What happens in small data? Risk of overfitting. Priors regularise and stabilise. ML features + Bayesian shrinkage.
Is the model interpretable? Depends on the learner. Often clearer through parameters. ML for pattern, Bayes for explanation.
Natural-science decision? Point prediction. Uncertainty-aware decision. Predictive + calibrated + interpretable.

10 A small concluding message

Bayesian inference and AI/ML should not be presented as enemies. In natural-science data analysis:

  • ML can discover complex predictive structure.
  • Bayesian inference can quantify uncertainty, encode scientific prior information, and handle small-data regimes.
  • Hybrid workflows can take an ML output and place a Bayesian uncertainty layer on top.

For scientific students, the key habit is:

Do not ask only: what is the prediction? Also ask: how uncertain is it, why should I believe it, and what scientific decision depends on it?

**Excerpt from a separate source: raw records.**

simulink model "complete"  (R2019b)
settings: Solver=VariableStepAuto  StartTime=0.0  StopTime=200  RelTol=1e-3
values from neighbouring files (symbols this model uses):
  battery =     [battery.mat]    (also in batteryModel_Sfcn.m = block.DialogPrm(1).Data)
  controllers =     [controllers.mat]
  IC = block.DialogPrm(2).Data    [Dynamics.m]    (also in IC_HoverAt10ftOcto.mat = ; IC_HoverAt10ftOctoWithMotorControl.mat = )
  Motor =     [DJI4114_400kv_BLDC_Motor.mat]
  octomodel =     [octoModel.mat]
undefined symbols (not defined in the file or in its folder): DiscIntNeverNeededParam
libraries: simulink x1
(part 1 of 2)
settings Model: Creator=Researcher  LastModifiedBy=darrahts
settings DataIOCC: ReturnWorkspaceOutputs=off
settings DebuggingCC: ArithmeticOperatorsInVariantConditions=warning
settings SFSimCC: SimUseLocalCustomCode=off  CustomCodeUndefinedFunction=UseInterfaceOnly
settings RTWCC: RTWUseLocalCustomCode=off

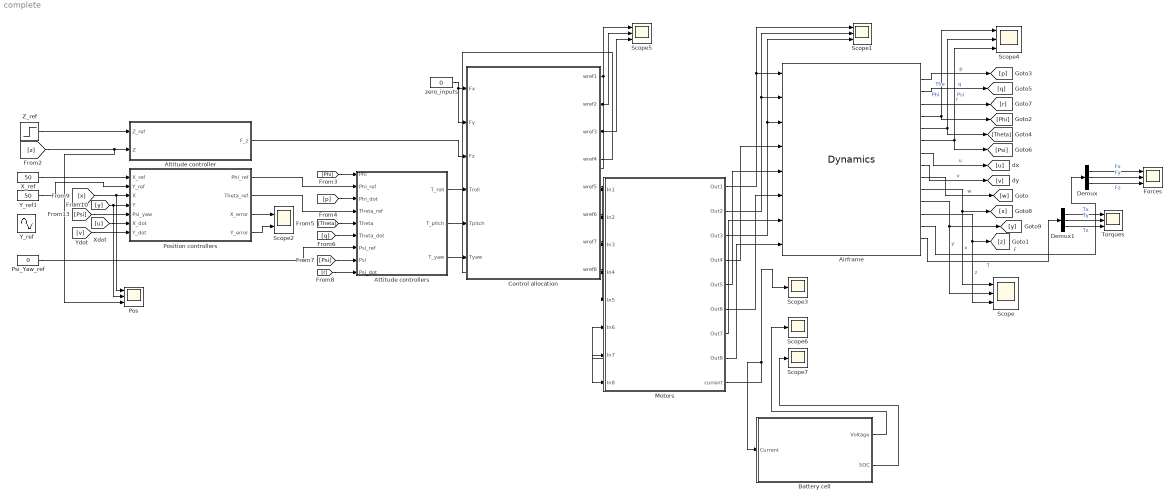
== system complete ==
  Airframe : M-S-Function  FunctionName=Dynamics  Parameters=octomodel, IC
  Altitude controller : Subsystem
  Attitude controllers : Subsystem
  Battery cell : Subsystem
  Control allocation : MATLAB Function  TreatAsAtomicUnit=on
  Demux : Demux  Outputs=3
  Demux1 : Demux  Outputs=3
  Forces : Scope  NumInputPorts=3
  Motors : Subsystem
  Pos : Scope  NumInputPorts=3
  Position controllers : Subsystem
  Psi_Yaw_ref : Constant  Value=0
  Scope{,1,4..5} (4 alike) : Scope  NumInputPorts=3
  Scope2 : Scope  NumInputPorts=2
  Scope3 : Scope
  Scope6 : Scope
  Scope7 : Scope
  Torques : Scope  NumInputPorts=3
  X_ref : Constant  Value=50
  Y_ref : Sin  Amplitude=2  Frequency=0.1  SampleTime=0
  Y_ref1 : Constant  Value=50
  Z_ref : Step  Before=3  After=3  SampleTime=0
  zero_inputs : Constant  Value=0
  wires:
  Airframe/1 -> [p]  "p"
  Airframe/2 -> [q]  "q"
  Airframe/3 -> [r]  "r"
  Airframe/4 -> [Phi], Scope4/1  "Phi"
  Airframe/5 -> [Theta], Scope4/2  "The"
  Airframe/6 -> [Psi], Scope4/3  "Psi"
  Airframe/11 -> [y], Scope/2  "y"
  Airframe/12 -> [z], Scope/3  "z"
  Airframe/7 -> [u]  "u"
  Airframe/10 -> [x], Scope/1  "x"
  Airframe/9 -> [w]  "w"
  Airframe/8 -> [v]  "v"
  Motors/3(Out3) -> Scope1/3, Airframe/3
  Control allocation/1(wref1) -> Scope5/1, Motors/1(In1)
  Control allocation/2(wref2) -> Scope5/2, Motors/2(In2)
  Motors/1(Out1) -> Scope1/1, Airframe/1
  Control allocation/3(wref3) -> Scope5/3, Motors/3(In3)
  Control allocation/4(wref4) -> Motors/4(In4)
  Control allocation/5(wref5) -> Motors/5(In5)
  Control allocation/6(wref6) -> Motors/6(In6)
  Control allocation/7(wref7) -> Motors/7(In7)
  Control allocation/8(wref8) -> Motors/8(In8)
  Motors/8(Out8) -> Airframe/8
  Motors/7(Out7) -> Airframe/7
  Motors/6(Out6) -> Airframe/6
  Motors/5(Out5) -> Airframe/5
  Motors/4(Out4) -> Airframe/4
  Motors/2(Out2) -> Scope1/2, Airframe/2
  zero_inputs/1 -> Control allocation/2(Fy), Control allocation/1(Fx)
  [y] -> Position controllers/4(Y), Pos/2
  Y_ref1/1 -> Position controllers/2(Y_ref)
  X_ref/1 -> Position controllers/1(X_ref)
  [x] -> Pos/1, Position controllers/3(X)
  [Psi] -> Position controllers/5(Psi_yaw)
  [v] -> Position controllers/7(Y_dot)
  [u] -> Position controllers/6(X_dot)
  Position controllers/3(X_error) -> Scope2/1
  Position controllers/4(Y_error) -> Scope2/2
  Z_ref/1 -> Altitude controller/1(Z_ref)
  [z] -> Pos/3, Altitude controller/2(Z)
  Altitude controller/1(F_z) -> Control allocation/3(Fz)
  [Phi] -> Attitude controllers/1(Phi)
  Position controllers/1(Phi_ref) -> Attitude controllers/2(Phi_ref)
  [p] -> Attitude controllers/3(Phi_dot)
  Position controllers/2(Theta_ref) -> Attitude controllers/4(Theta_ref)
  [Theta] -> Attitude controllers/5(Theta)
  [q] -> Attitude controllers/6(Theta_dot)
  Psi_Yaw_ref/1 -> Attitude controllers/7(Psi_ref)
  [Psi] -> Attitude controllers/8(Psi)
  [r] -> Attitude controllers/9(Psi_dot)
  Attitude controllers/1(T_roll) -> Control allocation/4(Troll)
  Attitude controllers/2(T_pitch) -> Control allocation/5(Tpitch)
  Attitude controllers/3(T_yaw) -> Control allocation/6(Tyaw)
  Motors/9(current) -> Scope3/1, Battery cell/1(Current)
  Battery cell/1(Voltage) -> Scope6/1
  Battery cell/2(SOC) -> Scope7/1
  Airframe/13 -> Demux/1  "F"
  Airframe/14 -> Demux1/1  "T"
  Demux/1 -> Forces/1  "Fx"
  Demux/2 -> Forces/2  "Fy"
  Demux/3 -> Forces/3  "Fz"
  Demux1/1 -> Torques/1  "Tx"
  Demux1/2 -> Torques/2  "Ty"
  Demux1/3 -> Torques/3  "Tz"

== system complete/Altitude controller ==
  Z_ref : Inport
  Z : Inport  Port=2
  Add : Sum
  Add2 : Sum  Inputs=+-
  Constant2 : Constant  Value=octomodel.g*octomodel.mass
  PID Controller : simulink/Continuous/PID Controller  Controller=PID  Form=Parallel  TimeDomain=Discrete-time  SampleTime=0.01  IntegratorMethod=Forward Euler  FilterMethod=Forward Euler  ControllerParametersSource=internal  P=controllers.altitude.kp  I=controllers.altitude.ki  D=controllers.altitude.kd  UseFilter=on  N=100  TunerSelectOption=Transfer Function Based (PID Tuner App)  InitialConditionSource=internal  InitialConditionForIntegrator=0  InitialConditionForFilter=0  DifferentiatorICPrevScaledInput=0  ExternalReset=none  TrackingMode=off  Kt=1  LimitOutput=off  UpperSaturationLimit=inf  LowerSaturationLimit=0  LinearizeAsGain=on  AntiWindupMode=none  Kb=1  POutMin=[]  POutMax=[]  IOutMin=[]  IOutMax=[]  DOutMin=[]  DOutMax=[]  NOutMin=[]  NOutMax=[]  SumOutMin=[]  SumOutMax=[]  SaturationOutMin=[]  SaturationOutMax=[]  PParamMin=[]  PParamMax=[]  IParamMin=[]  IParamMax=[]  DParamMin=[]  DParamMax=[]  NParamMin=[]  NParamMax=[]  KbParamMin=[]  KbParamMax=[]  KtParamMin=[]  KtParamMax=[]  KbOutMin=[]  KbOutMax=[]  KtOutMin=[]  KtOutMax=[]  IntegratorOutMin=[]  IntegratorOutMax=[]  FilterOutMin=[]  FilterOutMax=[]  SumI1OutMin=[]  SumI1OutMax=[]  SumI2OutMin=[]  SumI2OutMax=[]  SumI3OutMin=[]  SumI3OutMax=[]  SumI4OutMin=[]  SumI4OutMax=[]  SumDOutMin=[]  SumDOutMax=[]  DifferentiatorOutMin=[]  DifferentiatorOutMax=[]  FilterDiffOutCoefMin=[]  FilterDiffOutCoefMax=[]  ReciprocalOutMin=[]  ReciprocalOutMax=[]  SumDenOutMin=[]  SumDenOutMax=[]  SumNumOutMin=[]  SumNumOutMax=[]  DivideOutMin=[]  DivideOutMax=[]  IntegratorContinuousStateAttributes=''  IntegratorStateMustResolveToSignalObject=off  IntegratorRTWStateStorageClass=Auto  FilterContinuousStateAttributes=''  FilterStateMustResolveToSignalObject=off  FilterRTWStateStorageClass=Auto  ParallelPVariant=InternalParameters  IdealPVariant=Disabled  IVariant=InternalParameters  DVariant=InternalParameters  IntegratorVariant=Discrete  SatVariant=Disabled  AWVariant=Passthrough  PCopyVariant=Disabled  TRVariant=Disabled  FdbkBlocksVariant=Forward  IdealPFdbkVariant=Disabled  SatFdbkVariant=Disabled  DerivativeFilterVariant=ForwardEulerFilter  NVariant=InternalParameters  NCopyVariant=Disabled  FilterICVariant=InternalICsFilter  IntegratorICVariant=InternalICs  ExternalResetVariant=Disabled  TRSumVariant=Passthrough  SumFdbkVariant=Disabled  SumVariant=Sum_PID
  F_z : Outport  VectorParamsAs1DForOutWhenUnconnected=off
  wires:
  Add2/1 -> PID Controller/1
  Constant2/1 -> Add/1
  Z/1 -> Add2/2
  Add/1 -> F_z/1
  Z_ref/1 -> Add2/1
  PID Controller/1 -> Add/2

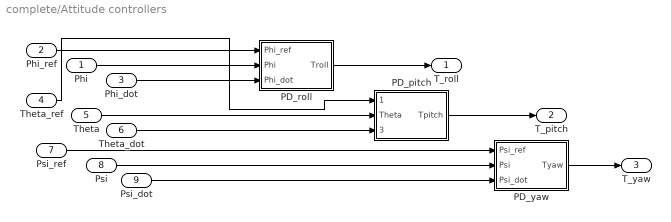
== system complete/Attitude controllers ==
  Phi : Inport
  Phi_ref : Inport  Port=2
  Phi_dot : Inport  Port=3
  Theta_ref : Inport  Port=4
  Theta : Inport  Port=5
  Theta_dot : Inport  Port=6
  Psi_ref : Inport  Port=7
  Psi : Inport  Port=8
  Psi_dot : Inport  Port=9
  PD_pitch : Subsystem
  PD_roll : Subsystem
  PD_yaw : Subsystem
  T_roll : Outport  VectorParamsAs1DForOutWhenUnconnected=off
  T_pitch : Outport  Port=2  VectorParamsAs1DForOutWhenUnconnected=off
  T_yaw : Outport  Port=3  VectorParamsAs1DForOutWhenUnconnected=off
  wires:
  PD_yaw/1(Tyaw) -> T_yaw/1
  PD_roll/1(Troll) -> T_roll/1
  Theta_ref/1 -> PD_pitch/1(Theta_ref)
  Theta_dot/1 -> PD_pitch/3(Theta_dot)
  PD_pitch/1(Tpitch) -> T_pitch/1
  Phi/1 -> PD_roll/2(Phi)
  Psi_dot/1 -> PD_yaw/3(Psi_dot)
  Psi_ref/1 -> PD_yaw/1(Psi_ref)
  Theta/1 -> PD_pitch/2(Theta)
  Phi_dot/1 -> PD_roll/3(Phi_dot)
  Psi/1 -> PD_yaw/2(Psi)
  Phi_ref/1 -> PD_roll/1(Phi_ref)

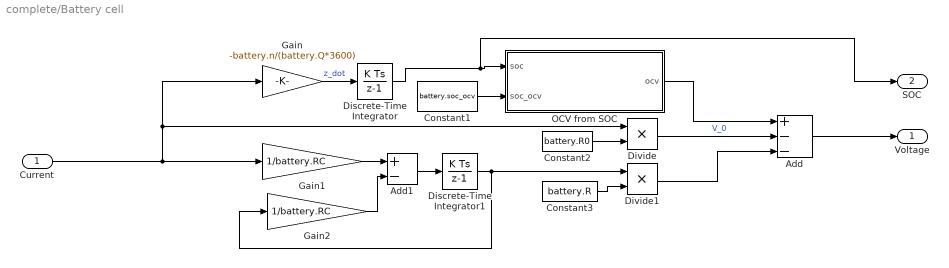
== system complete/Battery cell ==
  Current : Inport
  Add : Sum  Inputs=+--
  Add1 : Sum  Inputs=+-
  Constant1 : Constant  Value=battery.soc_ocv
  Constant2 : Constant  Value=battery.R0
  Constant3 : Constant  Value=battery.R
  Discrete-Time Integrator : DiscreteIntegrator  InitialCondition=1  ICPrevOutput=DiscIntNeverNeededParam  ICPrevScaledInput=DiscIntNeverNeededParam
  Discrete-Time Integrator1 : DiscreteIntegrator  ICPrevOutput=DiscIntNeverNeededParam  ICPrevScaledInput=DiscIntNeverNeededParam
  Divide : Product  Inputs=**
  Divide1 : Product  Inputs=**
  Gain : Gain  Gain=-battery.n/(battery.Q*3600)
  Gain1 : Gain  Gain=1/battery.RC
  Gain2 : Gain  Gain=1/battery.RC
  OCV from SOC : MATLAB Function  TreatAsAtomicUnit=on
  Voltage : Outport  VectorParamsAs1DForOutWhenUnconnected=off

11 Reproducibility and package citations

citation()
citation("MASS")
citation("survival")
citation("rpart")
citation("ggplot2")

Useful references:

  1. Gelman, A. et al. (2013). Bayesian Data Analysis, 3rd ed. Chapman and Hall/CRC.
  2. Berger, J. O. (1985). Statistical Decision Theory and Bayesian Analysis, 2nd ed. Springer.
  3. Breiman, L. (2001). Random Forests. Machine Learning, 45, 5–32.
  4. Cox, D. R. (1972). Regression Models and Life-Tables. JRSS Series B, 34(2), 187–220.
  5. Anderson, E. (1935). The Irises of the Gaspe Peninsula. Bulletin of the American Iris Society, 59, 2–5.
  6. Fisher, R. A. (1936). The use of multiple measurements in taxonomic problems. Annals of Eugenics, 7(2), 179–188.
  7. Chambers, J. M., Cleveland, W. S., Kleiner, B., and Tukey, P. A. (1983). Graphical Methods for Data Analysis. Wadsworth & Brooks/Cole.
  8. Venables, W. N. and Ripley, B. D. (2002). Modern Applied Statistics with S, 4th ed. Springer.
  9. Therneau, T. M. (survival package documentation and vignettes).

12 How to publish this on RPubs

  1. Save this file as Bayes_ML_Natural_Science_RPubs.Rmd.
  2. Open it in RStudio.
  3. Click Knit to produce HTML.
  4. Click Publish and choose RPubs.
  5. Add a short title such as: Bayesian Inference Meets AI/ML in Natural-Science Data.